Article | Published:

A nuclear phosphoinositide kinase complex regulates p53

Nature Cell Biologyvolume 21pages462475 (2019) | Download Citation

Abstract

The tumour suppressor p53 (encoded by TP53) protects the genome against cellular stress and is frequently mutated in cancer. Mutant p53 acquires gain-of-function oncogenic activities that are dependent on its enhanced stability. However, the mechanisms by which nuclear p53 is stabilized are poorly understood. Here, we demonstrate that the stability of stress-induced wild-type and mutant p53 is regulated by the type I phosphatidylinositol phosphate kinase (PIPKI-α (also known as PIP5K1A)) and its product phosphatidylinositol 4,5-bisphosphate (PtdIns(4,5)P2).

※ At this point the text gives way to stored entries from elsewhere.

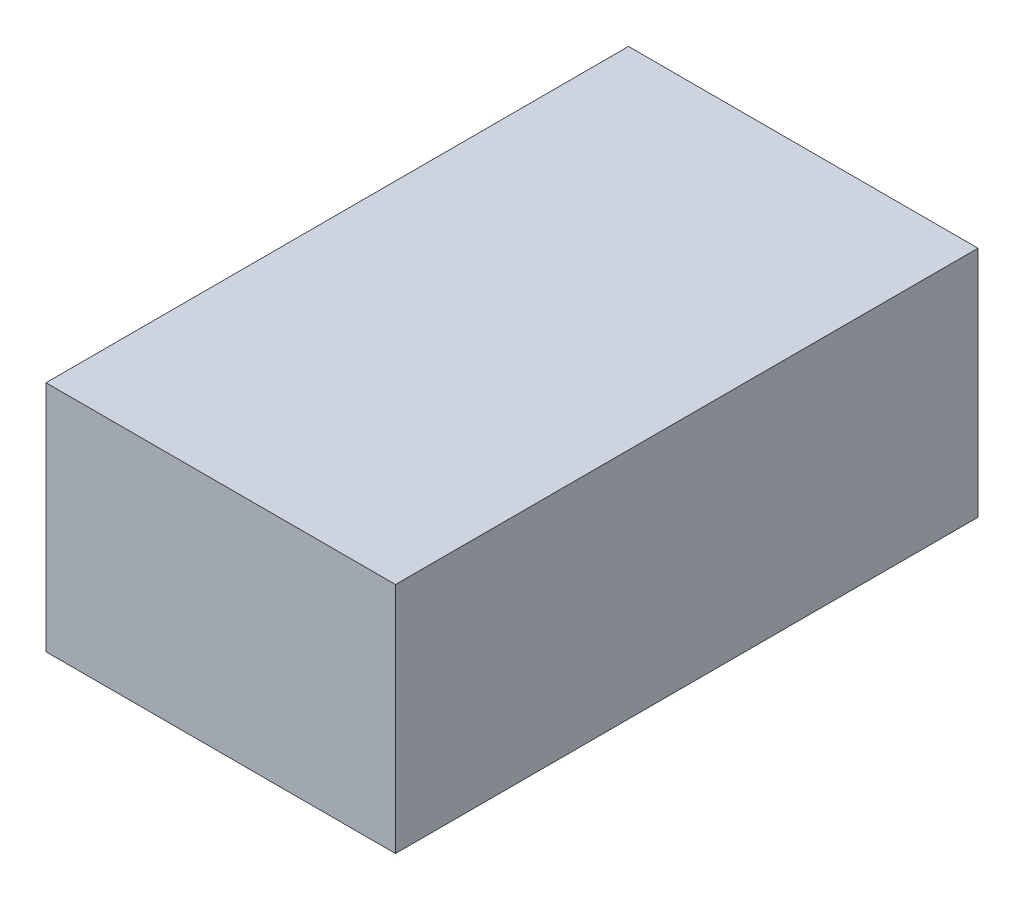
ISO-10303-21;
HEADER;
FILE_DESCRIPTION(('STEP AP214'),'2;1');
FILE_NAME('part.step','',(''),(''),'','','');
FILE_SCHEMA(('AUTOMOTIVE_DESIGN { 1 0 10303 214 1 1 1 1 }'));
ENDSEC;
DATA;
#1=APPLICATION_CONTEXT('core data for automotive mechanical design processes');
#2=APPLICATION_PROTOCOL_DEFINITION('international standard','automotive_design',2000,#1);
#3=PRODUCT_CONTEXT('',#1,'mechanical');
#4=PRODUCT('Part','Part','',(#3));
#5=PRODUCT_RELATED_PRODUCT_CATEGORY('part','',(#4));
#6=PRODUCT_DEFINITION_FORMATION('','',#4);
#7=PRODUCT_DEFINITION_CONTEXT('part definition',#1,'design');
#8=PRODUCT_DEFINITION('design','',#6,#7);
#9=PRODUCT_DEFINITION_SHAPE('','',#8);
#10=(LENGTH_UNIT() NAMED_UNIT(*) SI_UNIT(.MILLI.,.METRE.));
#11=(NAMED_UNIT(*) PLANE_ANGLE_UNIT() SI_UNIT($,.RADIAN.));
#12=(NAMED_UNIT(*) SI_UNIT($,.STERADIAN.) SOLID_ANGLE_UNIT());
#13=UNCERTAINTY_MEASURE_WITH_UNIT(LENGTH_MEASURE(1.E-05),#10,'distance_accuracy_value','');
#14=(GEOMETRIC_REPRESENTATION_CONTEXT(3) GLOBAL_UNCERTAINTY_ASSIGNED_CONTEXT((#13)) GLOBAL_UNIT_ASSIGNED_CONTEXT((#10,
#11,#12)) REPRESENTATION_CONTEXT('',''));
#15=CARTESIAN_POINT('',(0.,0.,0.));
#16=DIRECTION('',(0.,0.,1.));
#17=DIRECTION('',(1.,0.,0.));
#18=AXIS2_PLACEMENT_3D('',#15,#16,#17);
#19=CARTESIAN_POINT('',(0.3,0.4,-0.5));
#20=DIRECTION('',(-1.,0.,0.));
#21=DIRECTION('',(0.,0.,1.));
#22=AXIS2_PLACEMENT_3D('',#19,#20,#21);
#23=PLANE('',#22);
#24=DIRECTION('',(0.,0.,-1.));
#25=VECTOR('',#24,1.);
#26=CARTESIAN_POINT('',(0.3,0.,-0.5));
#27=LINE('',#26,#25);
#28=CARTESIAN_POINT('',(0.3,0.,0.5));
#29=VERTEX_POINT('',#28);
#30=CARTESIAN_POINT('',(0.3,0.,-0.5));
#31=VERTEX_POINT('',#30);
#32=EDGE_CURVE('E95',#29,#31,#27,.T.);
#33=ORIENTED_EDGE('',*,*,#32,.T.);
#34=DIRECTION('',(0.,-1.,0.));
#35=VECTOR('',#34,1.);
#36=CARTESIAN_POINT('',(0.3,0.4,-0.5));
#37=LINE('',#36,#35);
#38=CARTESIAN_POINT('',(0.3,0.4,-0.5));
#39=VERTEX_POINT('',#38);
#40=EDGE_CURVE('E11',#39,#31,#37,.T.);
#41=ORIENTED_EDGE('',*,*,#40,.F.);
#42=DIRECTION('',(0.,0.,-1.));
#43=VECTOR('',#42,1.);
#44=CARTESIAN_POINT('',(0.3,0.4,-0.5));
#45=LINE('',#44,#43);
#46=CARTESIAN_POINT('',(0.3,0.4,0.5));
#47=VERTEX_POINT('',#46);
#48=EDGE_CURVE('E83',#47,#39,#45,.T.);
#49=ORIENTED_EDGE('',*,*,#48,.F.);
#50=DIRECTION('',(0.,-1.,0.));
#51=VECTOR('',#50,1.);
#52=CARTESIAN_POINT('',(0.3,0.4,0.5));
#53=LINE('',#52,#51);
#54=EDGE_CURVE('E91',#47,#29,#53,.T.);
#55=ORIENTED_EDGE('',*,*,#54,.T.);
#56=EDGE_LOOP('',(#33,#41,#49,#55));
#57=FACE_BOUND('',#56,.T.);
#58=ADVANCED_FACE('F32',(#57),#23,.F.);
#59=CARTESIAN_POINT('',(-0.3,0.4,-0.5));
#60=DIRECTION('',(0.,0.,1.));
#61=DIRECTION('',(1.,0.,0.));
#62=AXIS2_PLACEMENT_3D('',#59,#60,#61);
#63=PLANE('',#62);
#64=DIRECTION('',(-1.,0.,0.));
#65=VECTOR('',#64,1.);
#66=CARTESIAN_POINT('',(-0.3,0.,-0.5));
#67=LINE('',#66,#65);
#68=CARTESIAN_POINT('',(-0.3,0.,-0.5));
#69=VERTEX_POINT('',#68);
#70=EDGE_CURVE('E87',#31,#69,#67,.T.);
#71=ORIENTED_EDGE('',*,*,#70,.T.);
#72=DIRECTION('',(0.,-1.,0.));
#73=VECTOR('',#72,1.);
#74=CARTESIAN_POINT('',(-0.3,0.4,-0.5));
#75=LINE('',#74,#73);
#76=CARTESIAN_POINT('',(-0.3,0.4,-0.5));
#77=VERTEX_POINT('',#76);
#78=EDGE_CURVE('E40',#77,#69,#75,.T.);
#79=ORIENTED_EDGE('',*,*,#78,.F.);
#80=DIRECTION('',(-1.,0.,0.));
#81=VECTOR('',#80,1.);
#82=CARTESIAN_POINT('',(-0.3,0.4,-0.5));
#83=LINE('',#82,#81);
#84=EDGE_CURVE('E78',#39,#77,#83,.T.);
#85=ORIENTED_EDGE('',*,*,#84,.F.);
#86=ORIENTED_EDGE('',*,*,#40,.T.);
#87=EDGE_LOOP('',(#71,#79,#85,#86));
#88=FACE_BOUND('',#87,.T.);
#89=ADVANCED_FACE('F86',(#88),#63,.F.);
#90=CARTESIAN_POINT('',(-0.3,0.4,-0.5));
#91=DIRECTION('',(1.,0.,0.));
#92=DIRECTION('',(0.,0.,-1.));
#93=AXIS2_PLACEMENT_3D('',#90,#91,#92);
#94=PLANE('',#93);
#95=DIRECTION('',(0.,0.,1.));
#96=VECTOR('',#95,1.);
#97=CARTESIAN_POINT('',(-0.3,0.,-0.5));
#98=LINE('',#97,#96);
#99=CARTESIAN_POINT('',(-0.3,0.,0.5));
#100=VERTEX_POINT('',#99);
#101=EDGE_CURVE('E65',#69,#100,#98,.T.);
#102=ORIENTED_EDGE('',*,*,#101,.T.);
#103=DIRECTION('',(0.,-1.,0.));
#104=VECTOR('',#103,1.);
#105=CARTESIAN_POINT('',(-0.3,0.4,0.5));
#106=LINE('',#105,#104);
#107=CARTESIAN_POINT('',(-0.3,0.4,0.5));
#108=VERTEX_POINT('',#107);
#109=EDGE_CURVE('E88',#108,#100,#106,.T.);
#110=ORIENTED_EDGE('',*,*,#109,.F.);
#111=DIRECTION('',(0.,0.,1.));
#112=VECTOR('',#111,1.);
#113=CARTESIAN_POINT('',(-0.3,0.4,-0.5));
#114=LINE('',#113,#112);
#115=EDGE_CURVE('E81',#77,#108,#114,.T.);
#116=ORIENTED_EDGE('',*,*,#115,.F.);
#117=ORIENTED_EDGE('',*,*,#78,.T.);
#118=EDGE_LOOP('',(#102,#110,#116,#117));
#119=FACE_BOUND('',#118,.T.);
#120=ADVANCED_FACE('F89',(#119),#94,.F.);
#121=CARTESIAN_POINT('',(-0.3,0.4,0.5));
#122=DIRECTION('',(0.,0.,-1.));
#123=DIRECTION('',(-1.,0.,0.));
#124=AXIS2_PLACEMENT_3D('',#121,#122,#123);
#125=PLANE('',#124);
#126=DIRECTION('',(1.,0.,0.));
#127=VECTOR('',#126,1.);
#128=CARTESIAN_POINT('',(-0.3,0.,0.5));
#129=LINE('',#128,#127);
#130=EDGE_CURVE('E71',#100,#29,#129,.T.);
#131=ORIENTED_EDGE('',*,*,#130,.T.);
#132=ORIENTED_EDGE('',*,*,#54,.F.);
#133=DIRECTION('',(1.,0.,0.));
#134=VECTOR('',#133,1.);
#135=CARTESIAN_POINT('',(-0.3,0.4,0.5));
#136=LINE('',#135,#134);
#137=EDGE_CURVE('E48',#108,#47,#136,.T.);
#138=ORIENTED_EDGE('',*,*,#137,.F.);
#139=ORIENTED_EDGE('',*,*,#109,.T.);
#140=EDGE_LOOP('',(#131,#132,#138,#139));
#141=FACE_BOUND('',#140,.T.);
#142=ADVANCED_FACE('F102',(#141),#125,.F.);
#143=CARTESIAN_POINT('',(0.,0.4,0.));
#144=DIRECTION('',(0.,1.,0.));
#145=DIRECTION('',(0.,0.,1.));
#146=AXIS2_PLACEMENT_3D('',#143,#144,#145);
#147=PLANE('',#146);
#148=ORIENTED_EDGE('',*,*,#48,.T.);
#149=ORIENTED_EDGE('',*,*,#84,.T.);
#150=ORIENTED_EDGE('',*,*,#115,.T.);
#151=ORIENTED_EDGE('',*,*,#137,.T.);
#152=EDGE_LOOP('',(#148,#149,#150,#151));
#153=FACE_BOUND('',#152,.T.);
#154=ADVANCED_FACE('F79',(#153),#147,.T.);
#155=CARTESIAN_POINT('',(0.,0.,0.));
#156=DIRECTION('',(0.,1.,0.));
#157=DIRECTION('',(0.,0.,1.));
#158=AXIS2_PLACEMENT_3D('',#155,#156,#157);
#159=PLANE('',#158);
#160=ORIENTED_EDGE('',*,*,#32,.F.);
#161=ORIENTED_EDGE('',*,*,#130,.F.);
#162=ORIENTED_EDGE('',*,*,#101,.F.);
#163=ORIENTED_EDGE('',*,*,#70,.F.);
#164=EDGE_LOOP('',(#160,#161,#162,#163));
#165=FACE_BOUND('',#164,.T.);
#166=ADVANCED_FACE('F105',(#165),#159,.F.);
#167=CLOSED_SHELL('',(#58,#89,#120,#142,#154,#166));
#168=MANIFOLD_SOLID_BREP('B2',#167);
#169=ADVANCED_BREP_SHAPE_REPRESENTATION('',(#18,#168),#14);
#170=SHAPE_DEFINITION_REPRESENTATION(#9,#169);
ENDSEC;
END-ISO-10303-21;

Nuclear PIPKI-α binds to p53 upon stress, resulting in the production and association of PtdIns(4,5)P2 with p53. PtdIns(4,5)P2 binding promotes the interaction between p53 and the small heat shock proteins HSP27 (also known as HSPB1) and αB-crystallin (also known as HSPB5), which stabilize nuclear p53. Moreover, inhibition of PIPKI-α or PtdIns(4,5)P2 association results in p53 destabilization. Our results point to a previously unrecognized role of nuclear phosphoinositide signalling in regulating p53 stability and implicate this pathway as a promising therapeutic target in cancer.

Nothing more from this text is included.